Dari pertempuran di hutan Lengkong, 33 taruna dan 3 perwira gugur serta 10 taruna luka berat. Mayor Wibowo bersama 20 taruna ditawan, hanya 3 taruna, yaitu Soedarno, Menod, Oesman Sjarief berhasil meloloskan diri dan tiba di Markas Komando Resimen TKR Tangerang pada pagi hari.
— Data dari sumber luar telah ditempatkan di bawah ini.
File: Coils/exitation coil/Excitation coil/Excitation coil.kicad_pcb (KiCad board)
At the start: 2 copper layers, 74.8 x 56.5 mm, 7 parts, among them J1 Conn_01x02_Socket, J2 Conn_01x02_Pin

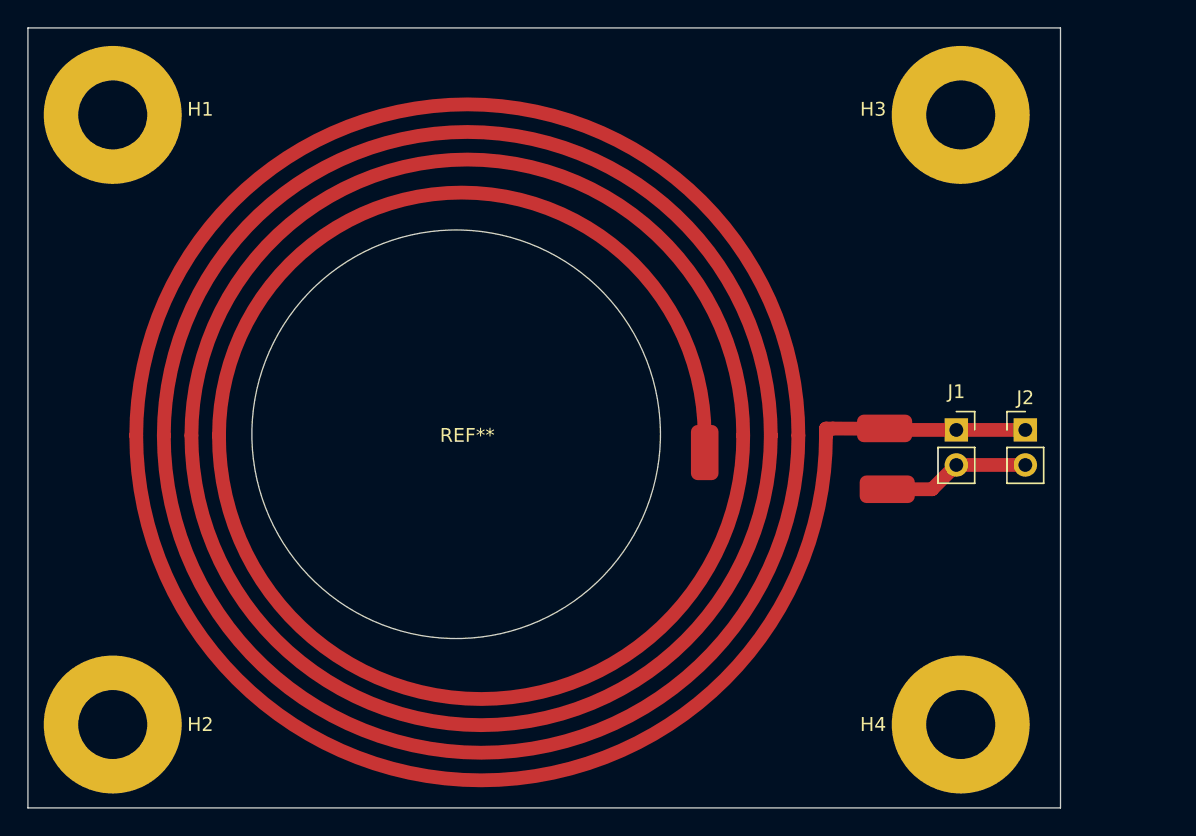
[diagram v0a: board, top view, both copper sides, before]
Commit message: added 3d models for OPA3692, THS3091 and BNC connector
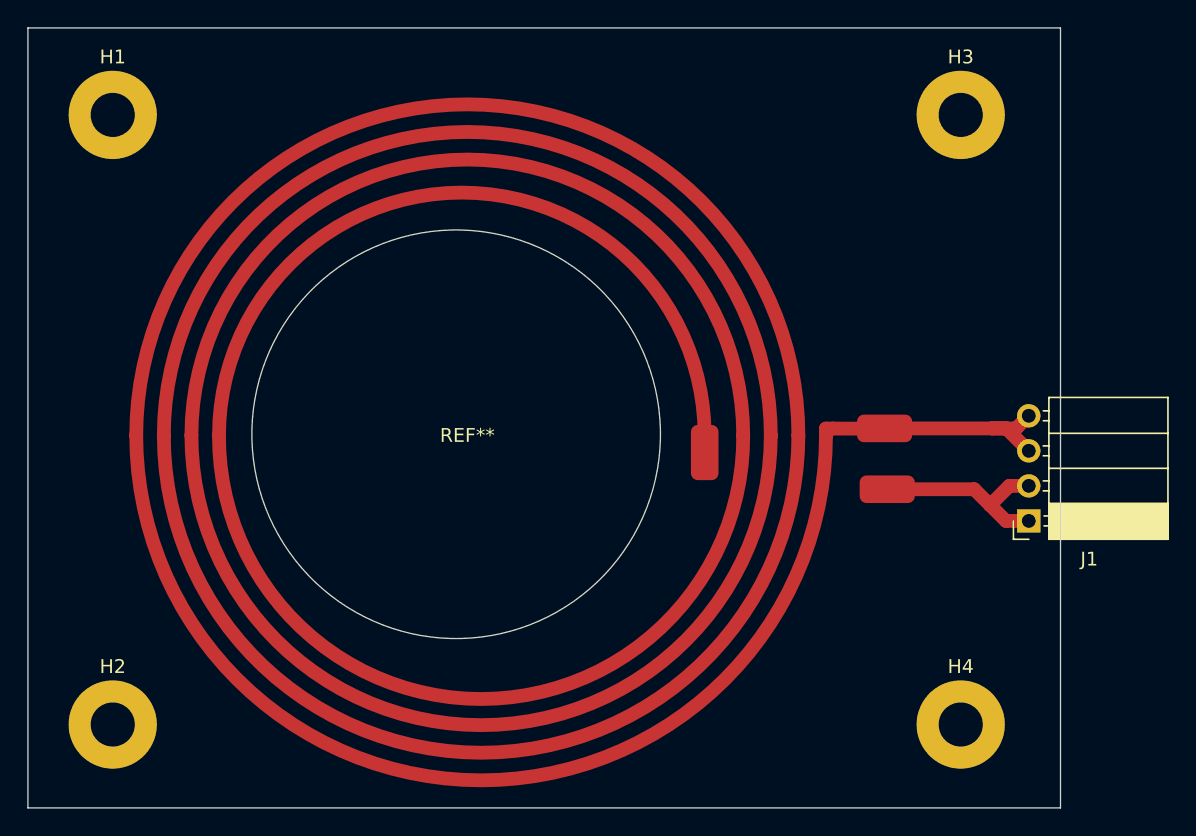
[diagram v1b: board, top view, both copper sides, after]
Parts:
- removed J2: Conn_01x02_Pin, Connector_PinHeader_2.54mm:PinHeader_1x02_P2.54mm_Vertical
- H1, H2, H3, H4: footprint MountingHole:MountingHole_5mm_Pad -> MountingHole:MountingHole_3.2mm_M3_Pad
- J1: value Conn_01x02_Socket -> Conn_01x04_Socket; footprint Connector_PinSocket_2.54mm:PinSocket_1x02_P2.54mm_Vertical -> Connector_PinSocket_2.54mm:PinSocket_1x04_P2.54mm_Horizontal
- moved J1 8.43 mm to (181.7, 103.2), turned to 180 degrees
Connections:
- J1 pad 1: /coil start -> /coil end
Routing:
- net /coil start: track 10.8 -> 14.2 mm
- net /coil end: track 11.5 -> 14.6 mm

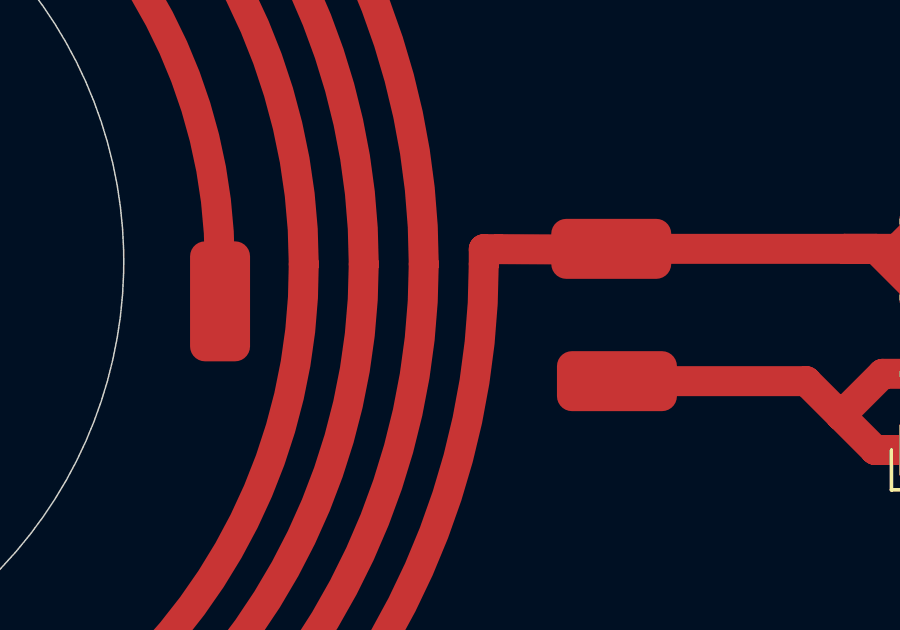
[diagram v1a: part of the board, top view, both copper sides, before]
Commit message: Small corrections, changed footprint for edge SMA connectors
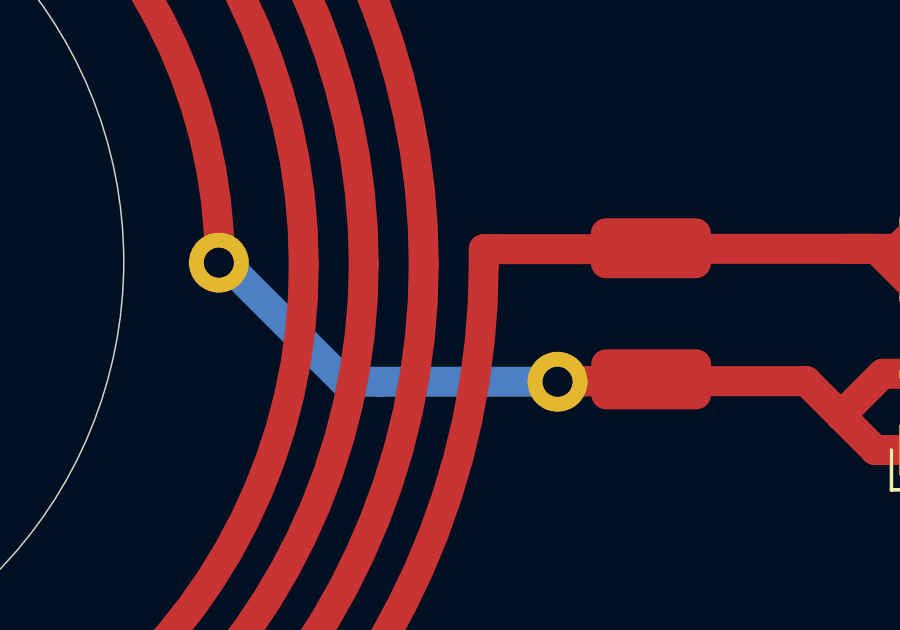
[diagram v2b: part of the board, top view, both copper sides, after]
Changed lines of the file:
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@@
 		)
 		(fp_line
-			(start 26.5 -0.5)
-			(end 28.88 -0.49)
+			(start 26.4 -0.5)
+			(end 31.565 -0.5)
+			(stroke
+				(width 1)
+				(type default)
+			)
+			(layer "F.Cu")
+		)
+		(fp_line
+			(start 28.44 3.9)
+			(end 30.44 3.9)
+			(stroke
+				(width 1)
+				(type default)
+			)
+			(layer "F.Cu")
+		)
+		(fp_line
+			(start 28.46 3.9)
+			(end 30.44 3.9)
+			(stroke
+				(width 1)
+				(type default)
+			)
+			(layer "F.Cu")
+		)
+		(fp_line
+			(start 30.44 3.9)
+			(end 28.46 3.9)
+			(stroke
+				(width 1)
+				(type default)
+			)
+			(layer "F.Cu")
+		)
+		(fp_line
+			(start 30.44 3.9)
+			(end 28.46 3.9)
 			(stroke
 				(width 1)
@@
 			(layer "F.Cu")
 		)
+		(fp_line
+			(start 21.35 3.92)
+			(end 17.17 -0.26)
+			(stroke
+				(width 1)
+				(type default)
+			)
+			(layer "B.Cu")
+		)
+		(fp_line
+			(start 22.51 3.92)
+			(end 21.35 3.92)
+			(stroke
+				(width 1)
+				(type default)
+			)
+			(layer "B.Cu")
+		)
+		(fp_line
+			(start 28.46 3.92)
+			(end 22.51 3.92)
+			(stroke
+				(width 1)
+				(type default)
+			)
+			(layer "B.Cu")
+		)
 		(fp_text user "${REFERENCE}"
 			(at 0 0 0)
@@
 			)
 		)
-		(pad "" smd roundrect
-			(at 17.21 1.24 90)
-			(size 4 2)
-			(layers "F.Cu")
-			(roundrect_rratio 0.25)
+		(pad "" thru_hole circle
+			(at 17.17 -0.05 90)
+			(size 2 2)
+			(drill 1)
+			(layers "*.Cu" "*.Mask")
+			(remove_unused_layers no)
+		)
+		(pad "" thru_hole circle
+			(at 28.46 3.92 90)
+			(size 2 2)
+			(drill 1)
+			(layers "*.Cu" "*.Mask")
+			(remove_unused_layers no)
 		)
 		(pad "1" smd roundrect
-			(at 30.25 -0.51)
+			(at 31.57 -0.53)
 			(size 4 2)
 			(layers "F.Cu")
@@
 		)
 		(pad "2" smd roundrect
-			(at 30.44 3.9)
+			(at 31.58 3.84)
 			(size 4 2)
 			(layers "F.Cu")
@@
 		)
 		(fp_text user "${REFERENCE}"
-			(at -5.775 3.81 270)
-			(layer "F.Fab")
-			(effects
+			(at -5.775 3.81 -90)
+			(layer "F.Fab")
+			(effects

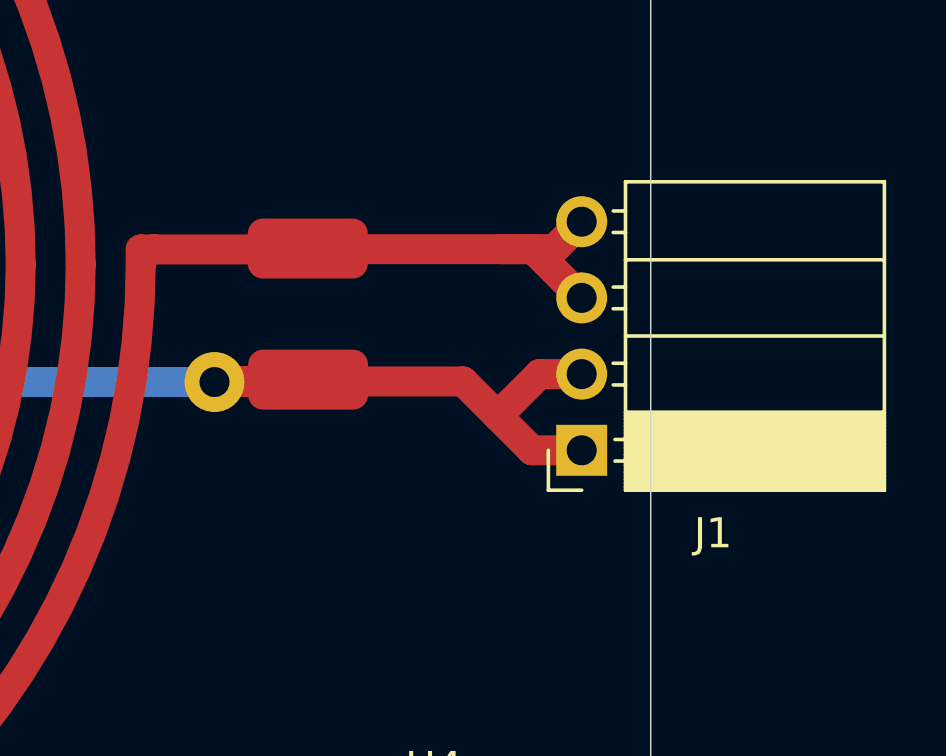
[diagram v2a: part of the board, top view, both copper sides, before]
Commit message: Added via stiching to TX board, moved almost all vias off of pads, increased the trace width for the power supply and changed coil connector to horizontal socket
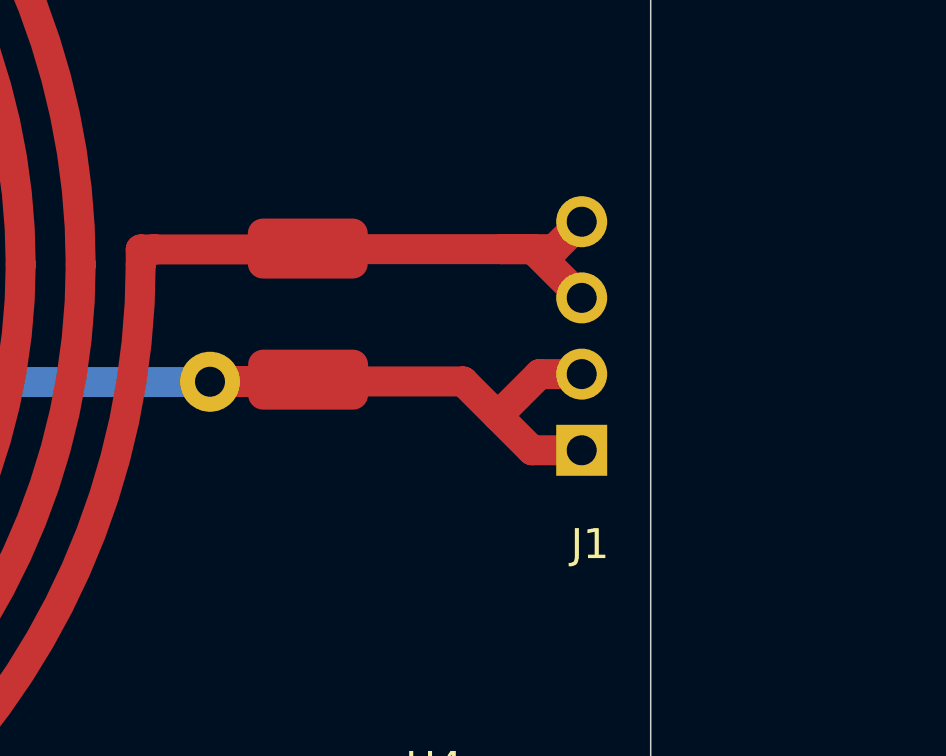
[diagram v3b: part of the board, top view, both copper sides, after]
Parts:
- J1: value Conn_01x04_Socket -> Conn_01x04; footprint Connector_PinSocket_2.54mm:PinSocket_1x04_P2.54mm_Horizontal -> Connector_PinHeader_2.54mm:PinHeader_1x04_P2.54mm_Horizontal; moved to B.Cu
- turned J1 to 0 degrees

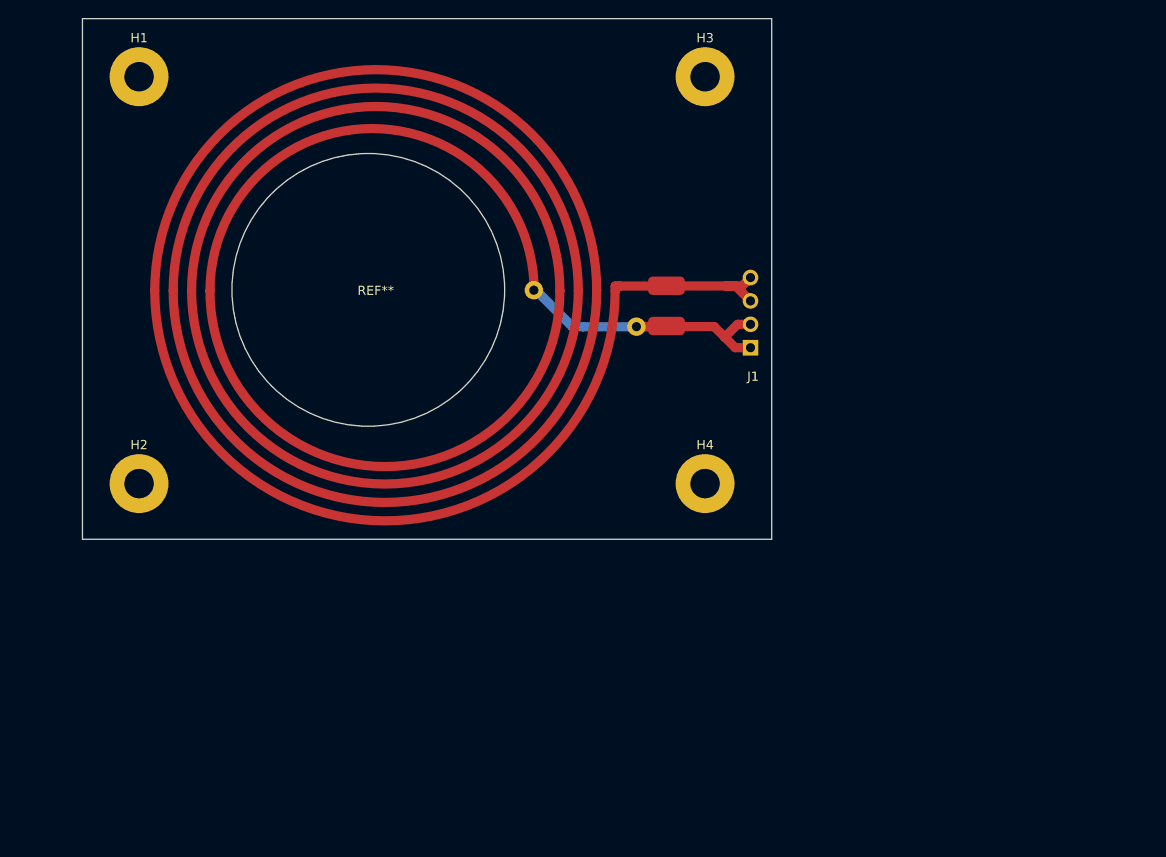
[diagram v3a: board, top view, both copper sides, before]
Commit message: Drew a footprint for a BNC edge connector 112640, made sure coils are centered and as symmetrical as possible:wq
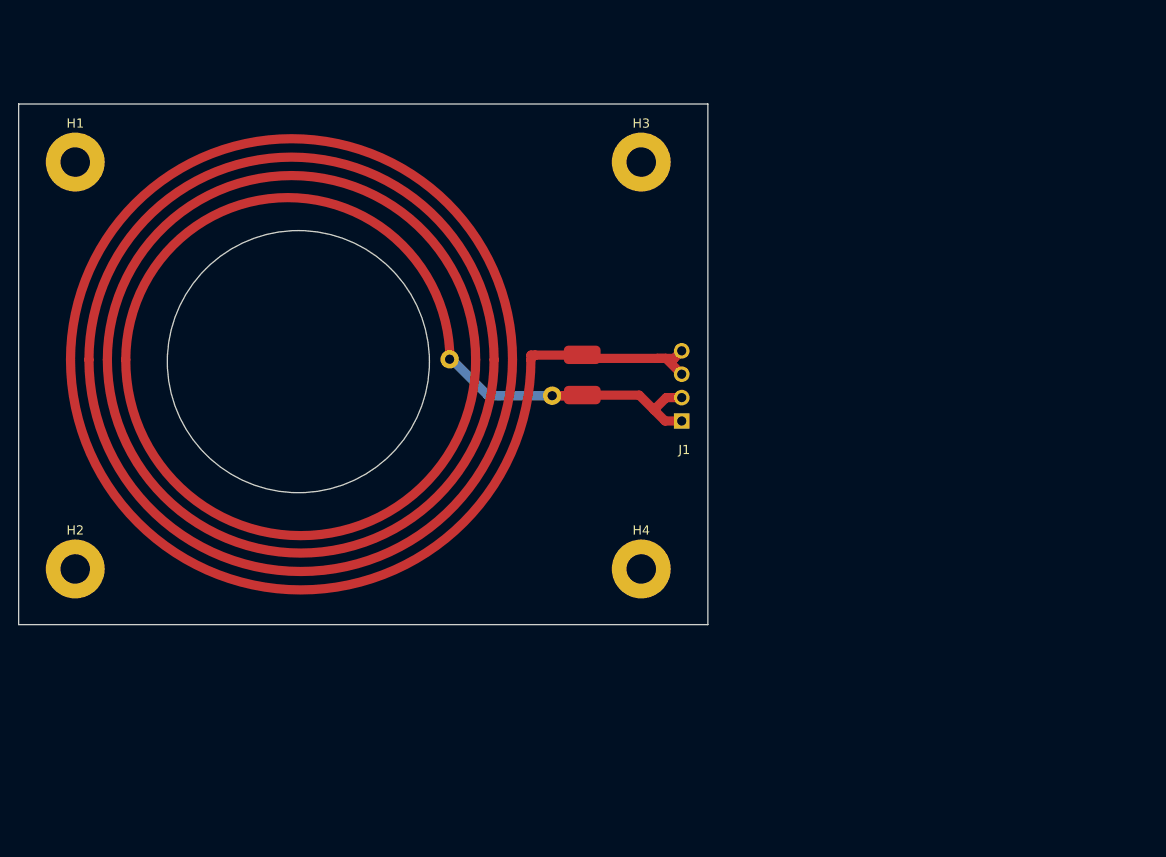
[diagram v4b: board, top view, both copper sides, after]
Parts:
- moved REF** 11.8 mm to (131.9, 104.5)
- moved H1 11.6 mm to (108.4, 83.0)
- moved H2 11.6 mm to (108.4, 127.2)
- moved H3 11.6 mm to (169.8, 83.0)
- moved H4 11.6 mm to (169.8, 127.2)
- moved J1 10.9 mm to (174.2, 111.2)
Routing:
- net /coil end: track 14.6 -> 15.5 mm
- net /coil start: track 14.2 -> 14.7 mm
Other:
- outline, holes or cut-outs redrawn

Pasukan Jepang selanjutnya bertindak penuh kebuasan. Mereka yang telah luka terkena peluru dan masih hidup dihabisi dengan tusukan bayonet. Para taruna yang masih hidup disandera Jepang dan disuruh menggali kubur bagi teman-temannya yang meninggal.
Mendengar kabar itu, Pimpinan Resimen Tangerang kemudian meminta izin kepada Jepang untuk mengambil jenazah para pejuang. Setelah diizinkan, jenazah-jenazah tersebut kemudian dikebumikan di dekat penjara anak-anak Tangerang.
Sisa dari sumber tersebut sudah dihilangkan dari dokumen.